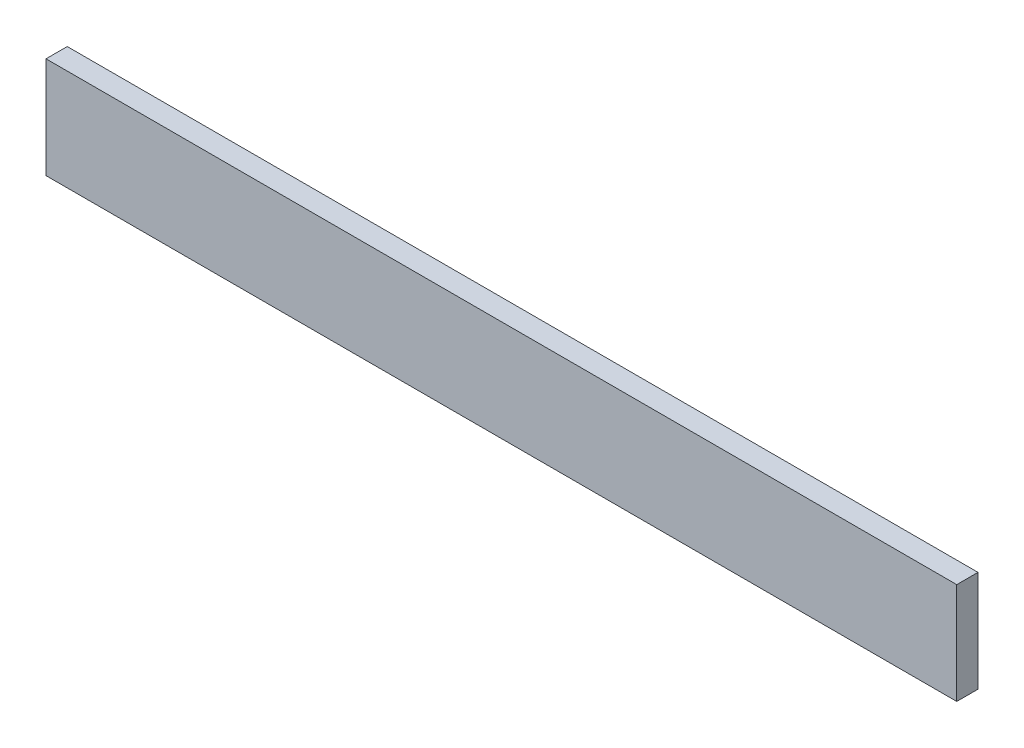
ISO-10303-21;
HEADER;
FILE_DESCRIPTION(('STEP AP214'),'2;1');
FILE_NAME('part.step','',(''),(''),'','','');
FILE_SCHEMA(('AUTOMOTIVE_DESIGN { 1 0 10303 214 1 1 1 1 }'));
ENDSEC;
DATA;
#1=APPLICATION_CONTEXT('core data for automotive mechanical design processes');
#2=APPLICATION_PROTOCOL_DEFINITION('international standard','automotive_design',2000,#1);
#3=PRODUCT_CONTEXT('',#1,'mechanical');
#4=PRODUCT('Part','Part','',(#3));
#5=PRODUCT_RELATED_PRODUCT_CATEGORY('part','',(#4));
#6=PRODUCT_DEFINITION_FORMATION('','',#4);
#7=PRODUCT_DEFINITION_CONTEXT('part definition',#1,'design');
#8=PRODUCT_DEFINITION('design','',#6,#7);
#9=PRODUCT_DEFINITION_SHAPE('','',#8);
#10=(LENGTH_UNIT() NAMED_UNIT(*) SI_UNIT(.MILLI.,.METRE.));
#11=(NAMED_UNIT(*) PLANE_ANGLE_UNIT() SI_UNIT($,.RADIAN.));
#12=(NAMED_UNIT(*) SI_UNIT($,.STERADIAN.) SOLID_ANGLE_UNIT());
#13=UNCERTAINTY_MEASURE_WITH_UNIT(LENGTH_MEASURE(1.E-05),#10,'distance_accuracy_value','');
#14=(GEOMETRIC_REPRESENTATION_CONTEXT(3) GLOBAL_UNCERTAINTY_ASSIGNED_CONTEXT((#13)) GLOBAL_UNIT_ASSIGNED_CONTEXT((#10,
#11,#12)) REPRESENTATION_CONTEXT('',''));
#15=CARTESIAN_POINT('',(0.,0.,0.));
#16=DIRECTION('',(0.,0.,1.));
#17=DIRECTION('',(1.,0.,0.));
#18=AXIS2_PLACEMENT_3D('',#15,#16,#17);
#19=CARTESIAN_POINT('',(-228.6,4.79782455590076,5.334));
#20=DIRECTION('',(1.,0.,0.));
#21=DIRECTION('',(0.,0.,-1.));
#22=AXIS2_PLACEMENT_3D('',#19,#20,#21);
#23=PLANE('',#22);
#24=DIRECTION('',(0.,-1.,0.));
#25=VECTOR('',#24,1.);
#26=CARTESIAN_POINT('',(-228.6,4.79782455590076,0.));
#27=LINE('',#26,#25);
#28=CARTESIAN_POINT('',(-228.6,4.79782455590076,0.));
#29=VERTEX_POINT('',#28);
#30=CARTESIAN_POINT('',(-228.6,-20.6021754440992,0.));
#31=VERTEX_POINT('',#30);
#32=EDGE_CURVE('E96',#29,#31,#27,.T.);
#33=ORIENTED_EDGE('',*,*,#32,.T.);
#34=DIRECTION('',(0.,0.,-1.));
#35=VECTOR('',#34,1.);
#36=CARTESIAN_POINT('',(-228.6,-20.6021754440992,5.334));
#37=LINE('',#36,#35);
#38=CARTESIAN_POINT('',(-228.6,-20.6021754440992,5.334));
#39=VERTEX_POINT('',#38);
#40=EDGE_CURVE('E11',#39,#31,#37,.T.);
#41=ORIENTED_EDGE('',*,*,#40,.F.);
#42=DIRECTION('',(0.,-1.,0.));
#43=VECTOR('',#42,1.);
#44=CARTESIAN_POINT('',(-228.6,4.79782455590076,5.334));
#45=LINE('',#44,#43);
#46=CARTESIAN_POINT('',(-228.6,4.79782455590076,5.334));
#47=VERTEX_POINT('',#46);
#48=EDGE_CURVE('E84',#47,#39,#45,.T.);
#49=ORIENTED_EDGE('',*,*,#48,.F.);
#50=DIRECTION('',(0.,0.,-1.));
#51=VECTOR('',#50,1.);
#52=CARTESIAN_POINT('',(-228.6,4.79782455590076,5.334));
#53=LINE('',#52,#51);
#54=EDGE_CURVE('E92',#47,#29,#53,.T.);
#55=ORIENTED_EDGE('',*,*,#54,.T.);
#56=EDGE_LOOP('',(#33,#41,#49,#55));
#57=FACE_BOUND('',#56,.T.);
#58=ADVANCED_FACE('F33',(#57),#23,.F.);
#59=CARTESIAN_POINT('',(-228.6,-20.6021754440992,5.334));
#60=DIRECTION('',(0.,1.,0.));
#61=DIRECTION('',(0.,0.,1.));
#62=AXIS2_PLACEMENT_3D('',#59,#60,#61);
#63=PLANE('',#62);
#64=DIRECTION('',(1.,0.,0.));
#65=VECTOR('',#64,1.);
#66=CARTESIAN_POINT('',(-228.6,-20.6021754440992,0.));
#67=LINE('',#66,#65);
#68=CARTESIAN_POINT('',(0.,-20.6021754440992,0.));
#69=VERTEX_POINT('',#68);
#70=EDGE_CURVE('E88',#31,#69,#67,.T.);
#71=ORIENTED_EDGE('',*,*,#70,.T.);
#72=DIRECTION('',(0.,0.,-1.));
#73=VECTOR('',#72,1.);
#74=CARTESIAN_POINT('',(0.,-20.6021754440992,5.334));
#75=LINE('',#74,#73);
#76=CARTESIAN_POINT('',(0.,-20.6021754440992,5.334));
#77=VERTEX_POINT('',#76);
#78=EDGE_CURVE('E41',#77,#69,#75,.T.);
#79=ORIENTED_EDGE('',*,*,#78,.F.);
#80=DIRECTION('',(1.,0.,0.));
#81=VECTOR('',#80,1.);
#82=CARTESIAN_POINT('',(-228.6,-20.6021754440992,5.334));
#83=LINE('',#82,#81);
#84=EDGE_CURVE('E79',#39,#77,#83,.T.);
#85=ORIENTED_EDGE('',*,*,#84,.F.);
#86=ORIENTED_EDGE('',*,*,#40,.T.);
#87=EDGE_LOOP('',(#71,#79,#85,#86));
#88=FACE_BOUND('',#87,.T.);
#89=ADVANCED_FACE('F87',(#88),#63,.F.);
#90=CARTESIAN_POINT('',(0.,4.79782455590076,5.334));
#91=DIRECTION('',(-1.,0.,0.));
#92=DIRECTION('',(0.,-1.,0.));
#93=AXIS2_PLACEMENT_3D('',#90,#91,#92);
#94=PLANE('',#93);
#95=DIRECTION('',(0.,1.,0.));
#96=VECTOR('',#95,1.);
#97=CARTESIAN_POINT('',(0.,4.79782455590076,0.));
#98=LINE('',#97,#96);
#99=CARTESIAN_POINT('',(0.,4.79782455590076,0.));
#100=VERTEX_POINT('',#99);
#101=EDGE_CURVE('E66',#69,#100,#98,.T.);
#102=ORIENTED_EDGE('',*,*,#101,.T.);
#103=DIRECTION('',(0.,0.,-1.));
#104=VECTOR('',#103,1.);
#105=CARTESIAN_POINT('',(0.,4.79782455590076,5.334));
#106=LINE('',#105,#104);
#107=CARTESIAN_POINT('',(0.,4.79782455590076,5.334));
#108=VERTEX_POINT('',#107);
#109=EDGE_CURVE('E89',#108,#100,#106,.T.);
#110=ORIENTED_EDGE('',*,*,#109,.F.);
#111=DIRECTION('',(0.,1.,0.));
#112=VECTOR('',#111,1.);
#113=CARTESIAN_POINT('',(0.,4.79782455590076,5.334));
#114=LINE('',#113,#112);
#115=EDGE_CURVE('E82',#77,#108,#114,.T.);
#116=ORIENTED_EDGE('',*,*,#115,.F.);
#117=ORIENTED_EDGE('',*,*,#78,.T.);
#118=EDGE_LOOP('',(#102,#110,#116,#117));
#119=FACE_BOUND('',#118,.T.);
#120=ADVANCED_FACE('F90',(#119),#94,.F.);
#121=CARTESIAN_POINT('',(-228.6,4.79782455590076,5.334));
#122=DIRECTION('',(0.,-1.,0.));
#123=DIRECTION('',(0.,0.,-1.));
#124=AXIS2_PLACEMENT_3D('',#121,#122,#123);
#125=PLANE('',#124);
#126=DIRECTION('',(-1.,0.,0.));
#127=VECTOR('',#126,1.);
#128=CARTESIAN_POINT('',(-228.6,4.79782455590076,0.));
#129=LINE('',#128,#127);
#130=EDGE_CURVE('E72',#100,#29,#129,.T.);
#131=ORIENTED_EDGE('',*,*,#130,.T.);
#132=ORIENTED_EDGE('',*,*,#54,.F.);
#133=DIRECTION('',(-1.,0.,0.));
#134=VECTOR('',#133,1.);
#135=CARTESIAN_POINT('',(-228.6,4.79782455590076,5.334));
#136=LINE('',#135,#134);
#137=EDGE_CURVE('E49',#108,#47,#136,.T.);
#138=ORIENTED_EDGE('',*,*,#137,.F.);
#139=ORIENTED_EDGE('',*,*,#109,.T.);
#140=EDGE_LOOP('',(#131,#132,#138,#139));
#141=FACE_BOUND('',#140,.T.);
#142=ADVANCED_FACE('F103',(#141),#125,.F.);
#143=CARTESIAN_POINT('',(0.,0.,5.334));
#144=DIRECTION('',(0.,0.,1.));
#145=DIRECTION('',(1.,0.,0.));
#146=AXIS2_PLACEMENT_3D('',#143,#144,#145);
#147=PLANE('',#146);
#148=ORIENTED_EDGE('',*,*,#48,.T.);
#149=ORIENTED_EDGE('',*,*,#84,.T.);
#150=ORIENTED_EDGE('',*,*,#115,.T.);
#151=ORIENTED_EDGE('',*,*,#137,.T.);
#152=EDGE_LOOP('',(#148,#149,#150,#151));
#153=FACE_BOUND('',#152,.T.);
#154=ADVANCED_FACE('F80',(#153),#147,.T.);
#155=CARTESIAN_POINT('',(0.,0.,0.));
#156=DIRECTION('',(0.,0.,1.));
#157=DIRECTION('',(1.,0.,0.));
#158=AXIS2_PLACEMENT_3D('',#155,#156,#157);
#159=PLANE('',#158);
#160=ORIENTED_EDGE('',*,*,#32,.F.);
#161=ORIENTED_EDGE('',*,*,#130,.F.);
#162=ORIENTED_EDGE('',*,*,#101,.F.);
#163=ORIENTED_EDGE('',*,*,#70,.F.);
#164=EDGE_LOOP('',(#160,#161,#162,#163));
#165=FACE_BOUND('',#164,.T.);
#166=ADVANCED_FACE('F106',(#165),#159,.F.);
#167=CLOSED_SHELL('',(#58,#89,#120,#142,#154,#166));
#168=MANIFOLD_SOLID_BREP('B2',#167);
#169=ADVANCED_BREP_SHAPE_REPRESENTATION('',(#18,#168),#14);
#170=SHAPE_DEFINITION_REPRESENTATION(#9,#169);
ENDSEC;
END-ISO-10303-21;

§ **Task brief**:
Exactly the lines from the line holding "#159=PLANE('',#158);" through the close of the listing above make up the answer; include nothing else.

§ **Task result**:
#159=PLANE('',#158);
#160=ORIENTED_EDGE('',*,*,#32,.F.);
#161=ORIENTED_EDGE('',*,*,#130,.F.);
#162=ORIENTED_EDGE('',*,*,#101,.F.);
#163=ORIENTED_EDGE('',*,*,#70,.F.);
#164=EDGE_LOOP('',(#160,#161,#162,#163));
#165=FACE_BOUND('',#164,.T.);
#166=ADVANCED_FACE('F106',(#165),#159,.F.);
#167=CLOSED_SHELL('',(#58,#89,#120,#142,#154,#166));
#168=MANIFOLD_SOLID_BREP('B2',#167);
#169=ADVANCED_BREP_SHAPE_REPRESENTATION('',(#18,#168),#14);
#170=SHAPE_DEFINITION_REPRESENTATION(#9,#169);
ENDSEC;
END-ISO-10303-21;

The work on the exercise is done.